At steady state (d[ES]/dt ≈ 0), the reaction rate simplifies to:
v = Vmax × [S] / (Km + [S])
where Km = (k-1 + kcat) / k1 and Vmax = kcat × [E]total. This is the Michaelis-Menten equation—derived not by algebra, but by running the ODE solver on the Petri net.
The demo computes four predictions automatically as you adjust parameters:
| Prediction | Default Value | What It Means |
|---|---|---|
| Time to 50% conversion | ~17s | When half the substrate is consumed |
| Peak reaction rate | ~2.95 | Maximum d[P]/dt, approaches Vmax |
| Final yield | ~70% | Percentage of substrate converted in the simulation window |
| Km / Vmax | 60 / 5.0 | The Michaelis-Menten constants |
The concentration chart shows the classic pattern: substrate depletes as product accumulates, with the enzyme-substrate complex rising quickly then falling as substrate runs out.
The reaction rate chart shows the saturation curve—the rate climbs rapidly at first, then levels off as enzyme molecules become saturated with substrate.
Why does the rate saturate? The Petri net makes it visible.
At low substrate, most enzyme is free. Increasing [S] means more binding events, so the rate climbs linearly. But at high substrate, almost all enzyme is tied up in complex. Adding more substrate can't speed things up—there's no free enzyme to bind with.
Km is the substrate concentration at half-maximum rate. It measures how tightly the enzyme binds substrate. A low Km means the enzyme binds eagerly; a high Km means it needs a lot of substrate before it's half-saturated.

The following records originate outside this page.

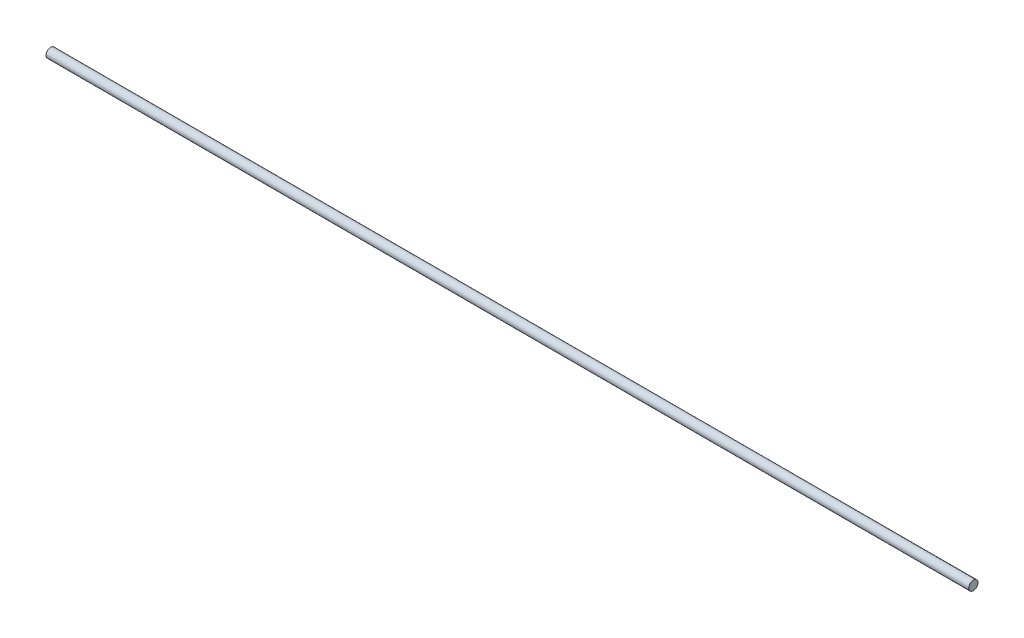
from build123d import *

# Parameters (mm, degrees)
CROQUIS1_R              = 4
SALIENTE_EXTRUIR1_DEPTH = 795.2


with BuildPart() as part:
    # Croquis1 → Saliente-Extruir1 (new body)
    with BuildSketch(Plane(origin=(0, 0, 0), x_dir=(0, 0, -1), z_dir=(1, 0, 0))):
        Circle(CROQUIS1_R)
    extrude(amount=SALIENTE_EXTRUIR1_DEPTH)


solid = part.part
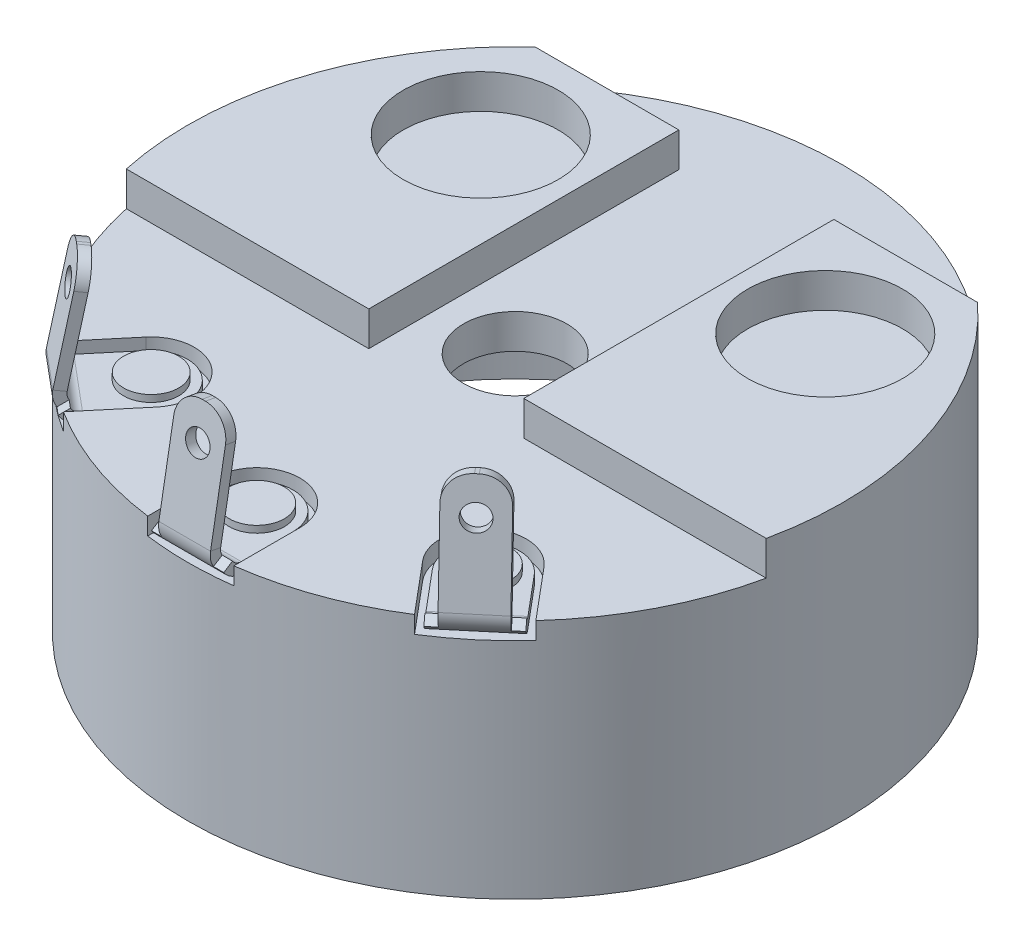
from build123d import *
from build123d.topology import SkipClean

# Parameters (mm, degrees)
SKETCH_1_R               = 4.75
SKETCH_1_R_2             = 0.75
EXTRUDE_1_DEPTH          = 0.5
EXTRUDE_START            = 0.5
SKETCH_1_3_R             = 1.125
EXTRUDE_2_DEPTH          = 0.5
SKETCH_3_R               = 0.375
CUT_EXTRUDE_1_DEPTH      = 7.736096793
SKETCH_3_3_R             = 0.375
CUT_EXTRUDE_2_DEPTH      = 0.25
PATTERN_CIRCULAR_1_COUNT = 3
PATTERN_CIRCULAR_1_ANGLE = 80
EXTRUDE_START_2          = -0.5
SKETCH_1_4_R             = 4.75
SKETCH_1_4_R_2           = 4.5
EXTRUDE_1_2_DEPTH        = 3
SM_START                 = 0.15
SKETCH_13_R              = 0.175
SKETCH_13_R_2            = 0.375
SM_BASE_FLANGE_1_DEPTH   = 0.15
OTHER_START              = -0.525
OTHER_1_DEPTH            = 1.05
OTHER_1_2_DEPTH          = 1.05
OTHER_START_2            = -0.375
OTHER_1_3_DEPTH          = 0.75
OTHER_START_3            = -4.741475404
OTHER_1_4_OUTLINE_R      = 0.175
OTHER_1_4_DEPTH          = 0.149999999
SKETCH_20_R              = 0.375
SM_BASE_FLANGE_2_DEPTH   = 0.15
PATTERN_CIRCULAR_2_COUNT = 3
PATTERN_CIRCULAR_2_ANGLE = 80


with BuildPart() as part:
    # Sketch 1 → Extrude 1 (new body)
    with BuildSketch(Plane(origin=(0, 0, 0), x_dir=(1, 0, 0), z_dir=(0, 1, 0))):
        with Locations(Location((0, 0, 0), (0, 0, 270))):
            Circle(SKETCH_1_R)
        with Locations(Location((0, 0, 0), (0, 0, 270))):
            Circle(SKETCH_1_R_2, mode=Mode.SUBTRACT)
    extrude(amount=-EXTRUDE_1_DEPTH)

    # 草图1<3> → 凸台-拉伸2 (add)
    # profile 1 of 2: a face of its own
    with BuildSketch(Plane(origin=(0, 0, 0), x_dir=(1, 0, 0), z_dir=(0, 1, 0)).offset(EXTRUDE_START)):
        with BuildLine():
            Line((1.125, -1), (4.643543905, -1))
            ThreePointArc((4.643543905, -1), (4.723310997, -0.502825243), (4.75, 0))
            ThreePointArc((4.75, 0), (4.348345299, 1.911646713), (3.211308145, 3.5))
            Line((3.211308145, 3.5), (1.125, 3.5))
            Line((1.125, 3.5), (1.125, -1))
        make_face()
        with Locations(Location((2.5, 2, 0), (0, 0, 270))):
            Circle(SKETCH_1_3_R, mode=Mode.SUBTRACT)
    # profile 2 of 2: a face of its own
    with BuildSketch(Plane(origin=(0, 0, 0), x_dir=(1, 0, 0), z_dir=(0, 1, 0)).offset(EXTRUDE_START)):
        with BuildLine():
            ThreePointArc((-3.211308145, 3.5), (-4.526276083, 1.440598771), (-4.643543905, -1))
            Line((-4.643543905, -1), (-1.125, -1))
            Line((-1.125, -1), (-1.125, 3.5))
            Line((-1.125, 3.5), (-3.211308145, 3.5))
        make_face()
        with Locations(Location((-2.5, 2, 0), (0, 0, 270))):
            Circle(SKETCH_1_3_R, mode=Mode.SUBTRACT)
    extrude(amount=-EXTRUDE_2_DEPTH)

    # 草图3 → 切除-拉伸1 (cut, through all)
    with BuildSketch(Plane(origin=(0, 0, 0), x_dir=(1, 0, 0), z_dir=(0, 1, 0))):
        with Locations(Location((-2.410453536, -2.872666662, 0), (0, 0, 270))):
            Circle(SKETCH_3_R)
    cut_extrude_1 = extrude(amount=-CUT_EXTRUDE_1_DEPTH, mode=Mode.SUBTRACT)

    # 草图3<3> → 切除-拉伸2 (cut)
    with BuildSketch(Plane(origin=(0, 0, 0), x_dir=(1, 0, 0), z_dir=(0, 1, 0))):
        with BuildLine():
            Line((-3.505473113, -3.205332784), (-2.889231313, -2.470924406))
            ThreePointArc((-2.889231313, -2.470924406), (-2.00871128, -2.393888885), (-1.931675759, -3.274408918))
            Line((-1.931675759, -3.274408918), (-2.547917559, -4.008817296))
            ThreePointArc((-2.547917559, -4.008817296), (-3.053241146, -3.638711105), (-3.505473113, -3.205332784))
        make_face()
        with Locations(Location((-2.410453536, -2.872666662, 0), (0, 0, 270))):
            Circle(SKETCH_3_3_R, mode=Mode.SUBTRACT)
    cut_extrude_2 = extrude(amount=-CUT_EXTRUDE_2_DEPTH, mode=Mode.SUBTRACT)

    # 阵列(圆周)1: 切除-拉伸1, 切除-拉伸2 ×3 about axis
    pattern_circular_1_axis = Axis((0, 0, 0), (0, 1, 0))
    add([cut_extrude_1.rotate(pattern_circular_1_axis, i * PATTERN_CIRCULAR_1_ANGLE / (PATTERN_CIRCULAR_1_COUNT - 1)) for i in range(1, PATTERN_CIRCULAR_1_COUNT)], mode=Mode.SUBTRACT)
    add([cut_extrude_2.rotate(pattern_circular_1_axis, i * PATTERN_CIRCULAR_1_ANGLE / (PATTERN_CIRCULAR_1_COUNT - 1)) for i in range(1, PATTERN_CIRCULAR_1_COUNT)], mode=Mode.SUBTRACT)

    # 草图1<4> → Extrude 1 2 (add)
    with BuildSketch(Plane(origin=(0, 0, 0), x_dir=(1, 0, 0), z_dir=(0, 1, 0)).offset(EXTRUDE_START_2)):
        Circle(SKETCH_1_4_R)
        Circle(SKETCH_1_4_R_2, mode=Mode.SUBTRACT)
    extrude(amount=-EXTRUDE_1_2_DEPTH)


with BuildPart() as body_2:
    # 基体-法兰1: sheet metal written as solids
    # 草图13 → 基体-法兰1 (new body)
    with BuildSketch(Plane(origin=(0, -0.25, 0), x_dir=(1, 0, 0), z_dir=(0, 1, 0)).offset(SM_START)):
        with BuildLine():
            Line((-3.313962002, -3.366029686), (-4.213864655, -4.438491907))
            ThreePointArc((-4.213864655, -4.438491907), (-4.294417245, -4.69397208), (-4.170724764, -4.931583125))
            Line((-4.170724764, -4.931583125), (-4.132422542, -4.963722506))
            ThreePointArc((-4.132422542, -4.963722506), (-3.876942368, -5.044275095), (-3.639331323, -4.920582614))
            Line((-3.639331323, -4.920582614), (-2.73942867, -3.848120394))
            Line((-2.73942867, -3.848120394), (-2.624522003, -3.944538535))
            Line((-2.624522003, -3.944538535), (-2.008280204, -3.210130157))
            ThreePointArc((-2.008280204, -3.210130157), (-2.072990041, -2.470493329), (-2.812626869, -2.535203167))
            Line((-2.812626869, -2.535203167), (-3.428868668, -3.269611545))
            Line((-3.428868668, -3.269611545), (-3.313962002, -3.366029686))
        make_face()
        with Locations(Location((-3.830179848, -4.564630594, 0), (0, 0, 270))):
            Circle(SKETCH_13_R, mode=Mode.SUBTRACT)
        with Locations(Location((-2.410453536, -2.872666662, 0), (0, 0, 270))):
            Circle(SKETCH_13_R_2, mode=Mode.SUBTRACT)
    extrude(amount=-SM_BASE_FLANGE_1_DEPTH)

    # Other 1: read off the stored shape, not the designer's step
    # Other 1 outline → Other 1 (cut)
    with BuildSketch(Plane(origin=(0, 0, 0), x_dir=(0.6427876096865404, 0, -0.7660444431189772), z_dir=(0.7660444431189772, 0, 0.6427876096865403)).offset(OTHER_START)):
        with BuildLine():
            Line((-4.760983594, -0.1), (-6.45870205, -0.1))
            Line((-6.45870205, -0.1), (-6.45870205, -0.25))
            Line((-6.45870205, -0.25), (-4.501175973, -0.25))
            ThreePointArc((-4.501175973, -0.25), (-4.651175973, -0.209807621), (-4.760983594, -0.1))
        make_face()
    extrude(amount=OTHER_1_DEPTH, mode=Mode.SUBTRACT)

    # Other 1 2 outline → Other 1 2 (add)
    with SkipClean():  # the faces are left unmerged after this step: merging them gives an invalid solid
        with BuildSketch(Plane(origin=(0, 0, 0), x_dir=(0.6427876096865404, 0, -0.7660444431189772), z_dir=(0.7660444431189772, 0, 0.6427876096865403)).offset(OTHER_START)):
            with BuildLine():
                ThreePointArc((-4.501175973, -0.1), (-4.57325702, -0.081545895), (-4.627602184, -0.030724302))
                Line((-4.627602184, -0.030724302), (-4.754028396, -0.111448605))
                ThreePointArc((-4.754028396, -0.111448605), (-4.73301345, -0.140397963), (-4.70870205, -0.166640087))
                Line((-4.70870205, -0.166640087), (-4.70870205, -0.1))
                Line((-4.70870205, -0.1), (-4.501175973, -0.1))
            make_face()
        extrude(amount=OTHER_1_2_DEPTH)

    # Other 1 3 outline → Other 1 3 (add)
    with SkipClean():  # the faces are left unmerged after this step: merging them gives an invalid solid
        with BuildSketch(Plane(origin=(0, 0, 0), x_dir=(0.6427876096865404, 0, -0.7660444431189772), z_dir=(0.7660444431189772, 0, 0.6427876096865403)).offset(OTHER_START_2)):
            with BuildLine():
                ThreePointArc((-4.627602184, -0.030724302), (-4.648278779, 0.020661214), (-4.648897136, 0.076047227))
                Line((-4.648897136, 0.076047227), (-4.371712461, 1.648039633))
                Line((-4.371712461, 1.648039633), (-4.519433624, 1.674086859))
                Line((-4.519433624, 1.674086859), (-4.796618299, 0.102094453))
                ThreePointArc((-4.796618299, 0.102094453), (-4.796618299, -0.002094454), (-4.760983594, -0.1))
                Line((-4.760983594, -0.1), (-4.736098185, -0.1))
                Line((-4.736098185, -0.1), (-4.627602184, -0.030724302))
            make_face()
        extrude(amount=OTHER_1_3_DEPTH)

    # Other 1 4 outline → Other 1 4 (cut)
    with SkipClean():  # the faces are left unmerged after this step: merging them gives an invalid solid
        with BuildSketch(Plane(origin=(0, 0, 0), x_dir=(0.7741336234862095, 0.14199506630580766, 0.6168910228986324), z_dir=(0.6330222215594896, -0.1736481776669339, -0.7544065067354877)).offset(OTHER_START_3)):
            with BuildLine():
                Line((-0.246525022, -0.908905109), (0.099817711, -0.858440159))
                ThreePointArc((0.099817711, -0.858440159), (-0.159864425, -0.792682829), (-0.296989971, -0.562562375))
                Line((-0.296989971, -0.562562375), (-0.246525022, -0.908905109))
            make_face()
            with BuildLine():
                ThreePointArc((0.445173029, -0.454423198), (0.379415699, -0.714105335), (0.149295245, -0.851230881))
                Line((0.149295245, -0.851230881), (0.495637978, -0.800765932))
                Line((0.495637978, -0.800765932), (0.445173029, -0.454423198))
            make_face()
            with Locations((0.052463694, -0.360060187)):
                Circle(OTHER_1_4_OUTLINE_R)
        extrude(amount=OTHER_1_4_DEPTH, mode=Mode.SUBTRACT)


with BuildPart() as body_3:
    # 基体-法兰2: sheet metal written as solids
    # 草图20 → 基体-法兰2 (new body)
    with BuildSketch(Plane.XZ.offset(0.5)):
        with BuildLine():
            ThreePointArc((-2.828265483, 3.37059555), (0, -4.4), (2.828265483, 3.37059555))
            ThreePointArc((2.828265483, 3.37059555), (1.912524648, 3.290478608), (1.99264159, 2.374737774))
            ThreePointArc((1.99264159, 2.374737774), (0, -3.1), (-1.99264159, 2.374737774))
            ThreePointArc((-1.99264159, 2.374737774), (-1.912524648, 3.290478608), (-2.828265483, 3.37059555))
        make_face()
        with Locations(Location((-2.410453536, 2.872666662, 0), (0, 0, 270))):
            Circle(SKETCH_20_R, mode=Mode.SUBTRACT)
    extrude(amount=SM_BASE_FLANGE_2_DEPTH)


with BuildPart() as body_4:
    # 草图23 → 旋转1 (revolve)
    with BuildSketch(Plane(origin=(0, 0, 0), x_dir=(0.6427876096865349, 0, -0.7660444431189818), z_dir=(0.7660444431189817, 0, 0.6427876096865348)), mode=Mode.PRIVATE) as revolve_1_sk:
        Polygon((-3.375, -0.1), (-3.35, -0.1), (-3.35, 0), (-3.75, 0), (-3.75, -0.650298416), (-3.75, -0.75), (-3.35, -0.75), (-3.35, -0.65), (-3.375, -0.65), align=None)
    revolve(revolve_1_sk.sketch.rotate(Axis((-2.410453536, 0, 2.872666662), (0, -1, 0)), 140), axis=Axis((-2.410453536, 0, 2.872666662), (0, -1, 0)))


with BuildPart() as pattern_circular_2_1:
    # 阵列(圆周)2: pattern copy
    add(body_2.part.rotate(Axis((0, 0, 0), (0, 1, 0)), 1 * PATTERN_CIRCULAR_2_ANGLE / (PATTERN_CIRCULAR_2_COUNT - 1)))


with BuildPart() as pattern_circular_2_2:
    # 阵列(圆周)2: pattern copy
    add(body_2.part.rotate(Axis((0, 0, 0), (0, 1, 0)), 2 * PATTERN_CIRCULAR_2_ANGLE / (PATTERN_CIRCULAR_2_COUNT - 1)))


with BuildPart() as pattern_circular_2_3:
    # 阵列(圆周)2: pattern copy
    add(body_4.part.rotate(Axis((0, 0, 0), (0, 1, 0)), 1 * PATTERN_CIRCULAR_2_ANGLE / (PATTERN_CIRCULAR_2_COUNT - 1)))


with BuildPart() as pattern_circular_2_4:
    # 阵列(圆周)2: pattern copy
    add(body_4.part.rotate(Axis((0, 0, 0), (0, 1, 0)), 2 * PATTERN_CIRCULAR_2_ANGLE / (PATTERN_CIRCULAR_2_COUNT - 1)))


solid = Compound([part.part, body_2.part, body_3.part, body_4.part, pattern_circular_2_1.part, pattern_circular_2_2.part, pattern_circular_2_3.part, pattern_circular_2_4.part])
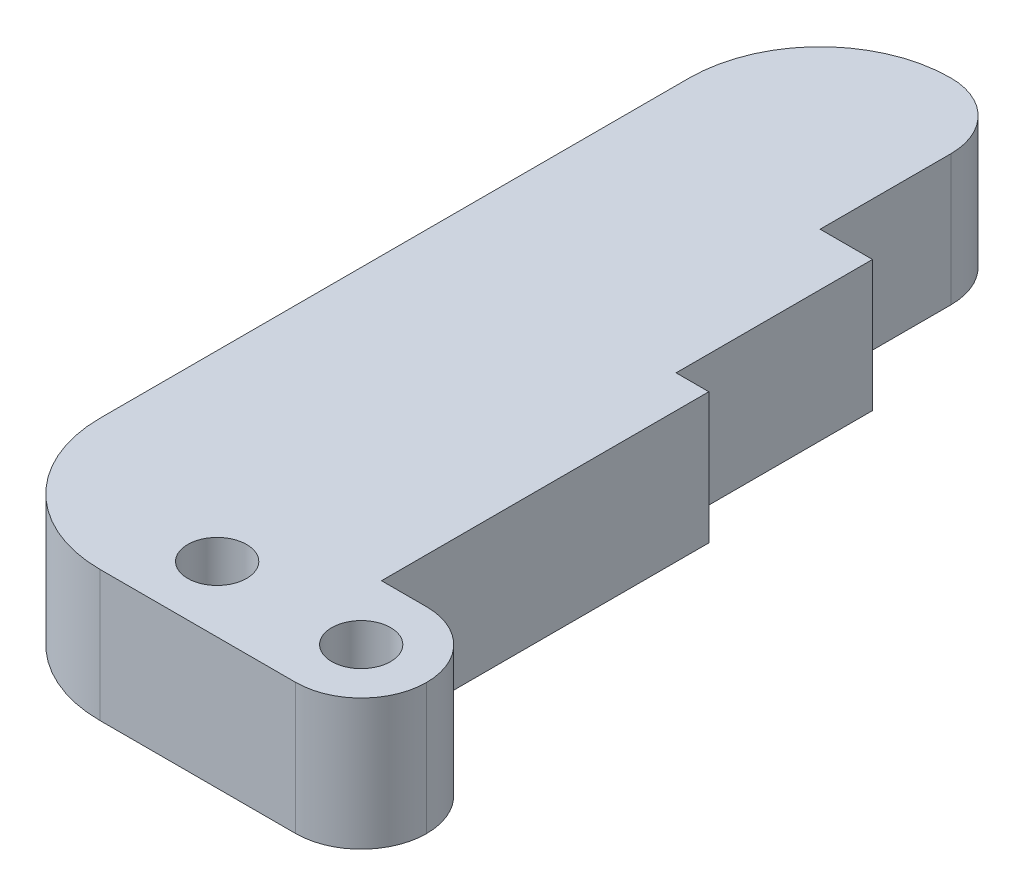
from build123d import *

# Parameters (mm, degrees)
BOSS_EXTRUDE1_DEPTH = 10
SKETCH3_R           = 2.25
CUT_EXTRUDE1_DEPTH  = 10
FILLET1_R           = 10
FILLET2_R           = 5


with BuildPart() as part:
    # Sketch2 → Boss-Extrude1 (new body)
    with BuildSketch(Plane(origin=(0, 0, 0), x_dir=(1, 0, 0), z_dir=(0, 1, 0))):
        Polygon((-8.45, 15), (-10.95, 15), (-10.95, 30), (-14.95, 30), (-14.95, 45), (-29.95, 45), (-29.95, -20), (0, -20), (0, -10), (-8.45, -10), align=None)
    extrude(amount=BOSS_EXTRUDE1_DEPTH)

    # Sketch3 → Cut-Extrude1 (cut)
    with BuildSketch(Plane(origin=(0, 10, 0), x_dir=(1, 0, 0), z_dir=(0, 1, 0))):
        with Locations(Location((-5, -15, 0), (0, 0, 270))):
            Circle(SKETCH3_R)
        with Locations(Location((-16, -15, 0), (0, 0, 270))):
            Circle(SKETCH3_R)
    extrude(amount=-CUT_EXTRUDE1_DEPTH, mode=Mode.SUBTRACT)

    # Fillet1
    fillet1_edges = [part.edges().sort_by_distance(p)[0] for p in [
        (-29.95, 5, 20),
        (-29.95, 5, -45),
    ]]
    fillet(fillet1_edges, radius=FILLET1_R)

    # Fillet2
    fillet2_edges = [part.edges().sort_by_distance(p)[0] for p in [
        (-14.95, 5, -45),
        (0, 5, 10),
        (0, 5, 20),
    ]]
    fillet(fillet2_edges, radius=FILLET2_R - 0.0001)  # a hair under: the kernel refuses the full size


solid = part.part

In the Petri net, this emerges from the competition between unbind and catalyze for the complex tokens. When k-1 is large relative to kcat, the complex tends to fall apart rather than produce product—so you need more substrate to keep the enzyme occupied.
The sliders auto-simulate on every change. Some experiments to try:
High enzyme, low substrate (e0=50, s0=20): The reaction completes almost instantly. All substrate is converted because there's plenty of enzyme to go around. The rate curve is a sharp spike.
Low k1 (k1=0.001): Binding becomes the bottleneck. Km shoots up, meaning you need enormous substrate concentrations to reach half-max rate. The enzyme is effectively less efficient.
High kcat (kcat=2.0): The enzyme turns over faster. Vmax increases, and the 50% conversion time drops. But Km also increases—faster catalysis means the complex is consumed faster, so more substrate is needed to keep it populated.
Equal k-1 and kcat (km1=0.5, kcat=0.5): The complex is equally likely to unbind or catalyze. Km = (0.5 + 0.5) / 0.01 = 100—higher than default. The enzyme is less efficient because half the binding events are "wasted" on unbinding.
The Petri net enforces a conservation law automatically:
[E] + [ES] = [E]total = constant
Free enzyme plus bound enzyme always equals the initial enzyme count. This isn't coded as a constraint—it's a structural property of the net. The enzyme token circulates through enzyme → complex → enzyme but never leaves the system.
Similarly:
[S] + [ES] + [P] = [S]initial
Substrate is either free, bound in complex, or converted to product. Mass is conserved because every arc that removes a token from one place adds it to another.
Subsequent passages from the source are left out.